Find maximum value of interpolation function - obviously wrong result
As described e.g. in the tutorial Numerical Nonlinear Global Optimization there are different optimization methods available.
For your problem "SimulatedAnnealing"
seems to work:
NMaximize[{Theta[t], 0 <= t <= tmax}, t, Method -> "SimulatedAnnealing"]
{0.687071, {t -> 48.2449}}
"DifferentialEvolution"
will work, if the population is of sufficient size:
NMaximize[{Theta[t], 0 <= t <= tmax}, t, Method -> {"DifferentialEvolution", "SearchPoints" -> 30}]
"RandomSearch"
will also work, if the number of points used to start local searches is big enough, e.g. bigger than 13 for your example.
NMaximize[{Theta[t], 0 <= t <= tmax}, t, Method -> {"RandomSearch", "SearchPoints" -> 14}]
Two approaches: Finding maxima (1) of an InterpolatingFunction
and (2) via NDSolve
.
InterpolatingFunction
To find the extrema of an InterpolatingFunction
, one should start with the data contained in the function.
Let's start with the function itself;
ifn = theta /. sol
Then ifn["Grid"]
and ifn["VaiuesOnGrid"]
contain the abscissas (t
) and ordinates (theta[t]
) computed by NDSolve
. We should start our search for a maximum near the maximum value stored in ifn
. The position of the maximum can be calculated with Ordering
. So the best starting point is found with
{{t0}} = ifn["Grid"] ~Part~ Ordering[ifn["ValuesOnGrid"], -1]
(* {{48.2466}} *)
Then one can use FindMaximum
:
FindMaximum[ifn[t], {t, t0}]
(* FindMaximum::lstol complaint... *)
(* {0.687071, {t -> 48.24493512854019`}} *)
If the complaint is worrisome, then one can check the result by plotting the result, increasing working precision or trying, say, NMaximize
. These return the same solution with no warnings:
FindMaximum[ifn[t], {t, t0}, WorkingPrecision -> $MachinePrecision]

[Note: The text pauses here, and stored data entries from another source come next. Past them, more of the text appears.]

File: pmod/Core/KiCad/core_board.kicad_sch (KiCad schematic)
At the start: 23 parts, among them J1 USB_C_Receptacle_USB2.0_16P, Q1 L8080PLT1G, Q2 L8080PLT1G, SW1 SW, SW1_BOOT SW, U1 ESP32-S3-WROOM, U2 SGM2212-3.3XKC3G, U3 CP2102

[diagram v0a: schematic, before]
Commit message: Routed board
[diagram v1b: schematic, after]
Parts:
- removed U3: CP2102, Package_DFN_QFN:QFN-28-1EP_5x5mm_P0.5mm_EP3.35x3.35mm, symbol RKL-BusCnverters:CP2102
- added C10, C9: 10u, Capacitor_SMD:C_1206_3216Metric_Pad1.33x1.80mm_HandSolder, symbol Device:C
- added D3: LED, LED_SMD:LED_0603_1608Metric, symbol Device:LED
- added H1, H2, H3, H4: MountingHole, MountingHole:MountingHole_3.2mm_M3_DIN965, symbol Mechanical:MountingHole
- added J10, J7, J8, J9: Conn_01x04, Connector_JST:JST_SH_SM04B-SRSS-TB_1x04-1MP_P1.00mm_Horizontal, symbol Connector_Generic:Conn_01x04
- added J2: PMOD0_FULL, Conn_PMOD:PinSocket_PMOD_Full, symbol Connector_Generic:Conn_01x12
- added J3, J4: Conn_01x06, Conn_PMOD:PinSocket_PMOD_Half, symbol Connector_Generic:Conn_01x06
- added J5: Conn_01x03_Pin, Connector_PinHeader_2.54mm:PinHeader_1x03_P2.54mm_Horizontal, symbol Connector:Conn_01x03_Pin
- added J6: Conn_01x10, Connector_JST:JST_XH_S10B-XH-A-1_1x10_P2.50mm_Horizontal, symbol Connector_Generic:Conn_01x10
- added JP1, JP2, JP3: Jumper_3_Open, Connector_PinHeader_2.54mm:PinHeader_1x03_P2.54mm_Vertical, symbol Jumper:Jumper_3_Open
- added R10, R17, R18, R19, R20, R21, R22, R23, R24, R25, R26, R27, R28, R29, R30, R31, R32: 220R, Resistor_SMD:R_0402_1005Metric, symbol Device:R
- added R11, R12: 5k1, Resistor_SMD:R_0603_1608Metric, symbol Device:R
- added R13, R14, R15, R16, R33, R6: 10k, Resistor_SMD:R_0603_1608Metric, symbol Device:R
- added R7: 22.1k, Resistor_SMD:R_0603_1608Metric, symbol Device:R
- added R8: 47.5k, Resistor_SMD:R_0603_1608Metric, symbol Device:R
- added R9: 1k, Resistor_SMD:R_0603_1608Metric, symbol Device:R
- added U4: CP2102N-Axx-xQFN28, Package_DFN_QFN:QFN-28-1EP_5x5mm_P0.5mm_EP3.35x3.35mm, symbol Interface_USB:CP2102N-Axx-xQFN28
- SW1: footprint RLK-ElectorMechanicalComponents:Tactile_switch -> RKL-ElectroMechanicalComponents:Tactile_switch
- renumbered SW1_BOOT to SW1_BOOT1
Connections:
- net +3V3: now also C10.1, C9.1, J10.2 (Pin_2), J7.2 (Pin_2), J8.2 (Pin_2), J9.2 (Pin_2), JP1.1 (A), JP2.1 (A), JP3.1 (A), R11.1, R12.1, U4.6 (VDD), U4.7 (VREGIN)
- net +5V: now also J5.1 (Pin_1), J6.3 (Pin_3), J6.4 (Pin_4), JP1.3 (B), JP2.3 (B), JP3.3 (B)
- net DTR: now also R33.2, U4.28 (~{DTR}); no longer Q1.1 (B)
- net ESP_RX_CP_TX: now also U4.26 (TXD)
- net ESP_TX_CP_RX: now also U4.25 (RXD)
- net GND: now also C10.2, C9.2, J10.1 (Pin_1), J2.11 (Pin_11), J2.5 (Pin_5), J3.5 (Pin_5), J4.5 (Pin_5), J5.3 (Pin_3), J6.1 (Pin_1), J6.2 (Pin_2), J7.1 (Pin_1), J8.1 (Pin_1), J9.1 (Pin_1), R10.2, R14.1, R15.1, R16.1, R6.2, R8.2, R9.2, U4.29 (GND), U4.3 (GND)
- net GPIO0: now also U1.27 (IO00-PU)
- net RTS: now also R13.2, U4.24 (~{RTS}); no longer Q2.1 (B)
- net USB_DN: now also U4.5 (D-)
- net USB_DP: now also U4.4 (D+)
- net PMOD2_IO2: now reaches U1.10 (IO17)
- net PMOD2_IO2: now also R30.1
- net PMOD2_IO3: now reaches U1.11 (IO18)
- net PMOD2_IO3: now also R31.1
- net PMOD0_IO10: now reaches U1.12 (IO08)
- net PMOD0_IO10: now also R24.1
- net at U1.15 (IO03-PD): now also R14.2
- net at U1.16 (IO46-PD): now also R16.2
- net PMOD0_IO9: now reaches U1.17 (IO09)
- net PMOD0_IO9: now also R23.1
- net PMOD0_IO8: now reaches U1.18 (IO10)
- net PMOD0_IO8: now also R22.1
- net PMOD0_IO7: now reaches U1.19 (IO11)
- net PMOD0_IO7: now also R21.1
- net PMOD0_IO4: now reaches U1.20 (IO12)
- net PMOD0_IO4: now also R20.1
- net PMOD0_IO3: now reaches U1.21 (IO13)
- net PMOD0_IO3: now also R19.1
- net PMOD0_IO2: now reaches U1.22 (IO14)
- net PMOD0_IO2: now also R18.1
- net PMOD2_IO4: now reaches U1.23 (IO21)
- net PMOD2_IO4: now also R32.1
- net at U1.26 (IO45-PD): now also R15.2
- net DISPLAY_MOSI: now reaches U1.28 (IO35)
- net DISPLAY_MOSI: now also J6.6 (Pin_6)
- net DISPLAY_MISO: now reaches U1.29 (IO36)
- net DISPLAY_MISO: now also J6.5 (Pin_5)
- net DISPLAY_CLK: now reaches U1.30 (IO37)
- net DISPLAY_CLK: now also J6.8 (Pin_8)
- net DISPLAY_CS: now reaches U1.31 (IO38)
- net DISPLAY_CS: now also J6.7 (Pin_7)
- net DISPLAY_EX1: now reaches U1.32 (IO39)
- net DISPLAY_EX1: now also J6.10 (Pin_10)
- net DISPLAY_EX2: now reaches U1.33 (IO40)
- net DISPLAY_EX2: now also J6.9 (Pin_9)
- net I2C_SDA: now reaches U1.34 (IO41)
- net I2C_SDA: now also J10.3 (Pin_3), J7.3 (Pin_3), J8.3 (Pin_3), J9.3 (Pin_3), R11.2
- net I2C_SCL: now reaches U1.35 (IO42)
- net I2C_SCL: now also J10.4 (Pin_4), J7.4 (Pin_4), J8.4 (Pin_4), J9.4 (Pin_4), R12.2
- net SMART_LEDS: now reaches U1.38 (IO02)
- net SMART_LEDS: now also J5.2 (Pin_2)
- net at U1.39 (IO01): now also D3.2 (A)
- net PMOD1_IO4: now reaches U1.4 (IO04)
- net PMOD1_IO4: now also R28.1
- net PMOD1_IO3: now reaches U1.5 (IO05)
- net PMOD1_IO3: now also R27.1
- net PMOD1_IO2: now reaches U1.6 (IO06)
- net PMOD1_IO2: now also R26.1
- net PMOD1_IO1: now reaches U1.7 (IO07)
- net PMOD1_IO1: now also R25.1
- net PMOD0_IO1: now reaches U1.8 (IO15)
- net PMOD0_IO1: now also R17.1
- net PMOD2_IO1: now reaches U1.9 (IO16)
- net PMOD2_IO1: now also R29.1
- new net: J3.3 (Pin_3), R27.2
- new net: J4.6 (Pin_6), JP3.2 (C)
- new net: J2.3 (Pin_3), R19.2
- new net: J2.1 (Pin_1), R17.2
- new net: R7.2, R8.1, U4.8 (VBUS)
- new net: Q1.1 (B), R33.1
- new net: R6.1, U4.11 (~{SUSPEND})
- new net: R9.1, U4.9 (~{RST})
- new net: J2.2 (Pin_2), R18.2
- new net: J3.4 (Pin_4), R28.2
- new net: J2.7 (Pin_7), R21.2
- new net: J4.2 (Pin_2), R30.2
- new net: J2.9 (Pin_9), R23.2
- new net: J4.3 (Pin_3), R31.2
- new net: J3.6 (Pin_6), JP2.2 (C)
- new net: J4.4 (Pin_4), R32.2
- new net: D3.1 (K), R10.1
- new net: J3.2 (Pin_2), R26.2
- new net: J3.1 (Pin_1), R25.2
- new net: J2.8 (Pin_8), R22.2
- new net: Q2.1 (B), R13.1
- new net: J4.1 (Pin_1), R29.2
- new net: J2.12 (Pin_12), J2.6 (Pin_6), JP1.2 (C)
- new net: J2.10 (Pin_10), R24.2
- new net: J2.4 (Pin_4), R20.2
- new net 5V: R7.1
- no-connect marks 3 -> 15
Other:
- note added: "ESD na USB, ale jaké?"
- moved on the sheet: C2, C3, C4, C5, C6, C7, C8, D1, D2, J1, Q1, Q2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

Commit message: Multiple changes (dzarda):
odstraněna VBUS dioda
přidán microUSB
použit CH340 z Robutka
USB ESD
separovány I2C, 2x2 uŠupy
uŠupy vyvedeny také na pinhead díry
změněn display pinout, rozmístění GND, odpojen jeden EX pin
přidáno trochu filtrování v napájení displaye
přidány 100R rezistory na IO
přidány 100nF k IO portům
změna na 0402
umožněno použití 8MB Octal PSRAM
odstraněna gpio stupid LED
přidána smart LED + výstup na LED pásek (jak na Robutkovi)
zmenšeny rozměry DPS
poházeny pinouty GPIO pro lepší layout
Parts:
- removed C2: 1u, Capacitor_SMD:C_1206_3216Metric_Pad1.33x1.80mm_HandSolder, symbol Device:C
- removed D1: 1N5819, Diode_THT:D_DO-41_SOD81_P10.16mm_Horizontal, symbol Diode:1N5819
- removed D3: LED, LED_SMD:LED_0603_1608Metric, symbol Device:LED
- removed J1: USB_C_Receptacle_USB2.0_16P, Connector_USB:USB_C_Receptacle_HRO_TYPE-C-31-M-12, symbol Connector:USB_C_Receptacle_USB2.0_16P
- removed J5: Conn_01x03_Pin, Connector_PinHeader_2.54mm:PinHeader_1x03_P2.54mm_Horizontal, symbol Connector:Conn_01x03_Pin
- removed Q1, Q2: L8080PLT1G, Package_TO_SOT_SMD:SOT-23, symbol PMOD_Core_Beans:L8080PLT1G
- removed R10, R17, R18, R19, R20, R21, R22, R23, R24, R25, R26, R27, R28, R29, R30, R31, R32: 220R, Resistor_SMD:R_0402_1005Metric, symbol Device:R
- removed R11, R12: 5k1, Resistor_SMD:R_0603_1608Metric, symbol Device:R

NMaximize[{ifn[t], 0 < t < 100}, t, Method -> {"RandomSearch", "InitialPoints" -> {{t0}}}]
NDSolve
An easier approach, if the InterpolatingFunction
was created with NDSolve
, is to use WhenEvent
. One can detect a local maximum with the event theta'[t] < 0
, where the derivative becomes negative, and Sow
the corresponding values of t
and theta[t]
. Then one selects the absolute maximum among them with Ordering
.
{sol, {localmax}} =
Reap[NDSolveValue[{eqn1[t] == 0, eqn2[t] == 0, r[0] == .9,
r'[0] == 0, theta[0] == 0.001, theta'[0] == 0,
WhenEvent[theta'[t] < 0, Sow[{theta[t], {t1 -> t}}]]},
{r, theta}, {t, 0, tmax}]
];
# ~Part~ First@Ordering[#[[All, 1]], -1] &@ localmax
(* {0.687071, {t1 -> 48.2449}} *)
Index for the last line of code:
localmax : a list of local maxima in the form {{y.yyy, {t1 -> x.xxx}},...}
#[[All, 1]] : {y.yyy,...} -- list of local maxima
First@
Ordering[#[[All, 1]], -1] : position of the greatest local maximum = global maximum
# ~Part~ "" : extracts the part of localmax that is the global maximum
Re global maximization -- updated
In general, global optimization is difficult, especially when there are many local extrema. Finding all of them can be uncertain and time consuming. In turn one cannot be certain about the global extremum found. Sometimes personal insight has to be applied to optimizing a given objective function.
In this case there seems to be an issue with precision in the InterpolatingFunction
. Starting with the critical points found above, if we examine the values of ifn
, we see that they constant in a neighborhood of the critical point. This probably has something to do with the optimization problem, and almost certainly with the FindMaximum::lstol
message.
tfindroot = {t -> 48.24493512854019`}; (* FindRoot *)
tndsolve = {t -> 48.24493514514225`}; (* NDSolve *)
Table[ifn[t (1 + 2^20 $MachineEpsilon dt)] - ifn[t] /. tfindroot, {dt, -2, 2}]
Table[ifn[t (1 + 2^20 $MachineEpsilon dt)] - ifn[t] /. tndsolve, {dt, -2, 2}]
(*
{-3.33067*10^-16, -2.22045*10^-16, 0., 0., 0.}
{-1.11022*10^-16, 0., 0., 0., -1.11022*10^-16}
*)
Table[ifn[t (1 + 2^21 $MachineEpsilon dt)] - ifn[t] /. tfindroot, {dt, -2, 2}]
Table[ifn[t (1 + 2^21 $MachineEpsilon dt)] - ifn[t] /. tndsolve, {dt, -2, 2}]
(*
{-9.99201*10^-16, -3.33067*10^-16, 0., 0., -2.22045*10^-16}
{-5.55112*10^-16, -1.11022*10^-16, 0., -1.11022*10^-16, -5.55112*10^-16}
*)
Interestingly, using arbitrary precision helps NMaximize
on the posted problem, but it does not work for all values of the parameter OmegaS
. Sample code:
sol = First@NDSolve[
Rationalize@
{eqn1[t] == 0, eqn2[t] == 0, r[0] == 0.9,
r'[0] == 0, theta[0] == 0.001, theta'[0] == 0},
{r, theta}, {t, 0, tmax},
WorkingPrecision -> $MachinePrecision];
ifn = theta /. sol;
NMaximize[{ifn[t], 0 <= t <= tmax}, t, WorkingPrecision -> $MachinePrecision]
(* {0.6870714027852798, {t -> 48.24493489787723}} *)
The NDSolve
method is probably the best way to proceed. Theoretically, if there are local maxima that are close in value to the global maximum, then one of them might be returned instead of the global one. But they would have to be very close, within the error of the NDSolve
computation. If one wanted further evidence, one could use the "RandomSearch"
method of NMaximize
with the local maxima (localmax
from the NDSolve
approach above) as initial points:
NMaximize[ifn[t], t,
Method -> {"RandomSearch", "InitialPoints" -> ({t1} /. localmax[[All, -1]])},
WorkingPrecision -> $MachinePrecision]
(* {0.6870714027850805, {t1 -> 48.24493514549923}} *)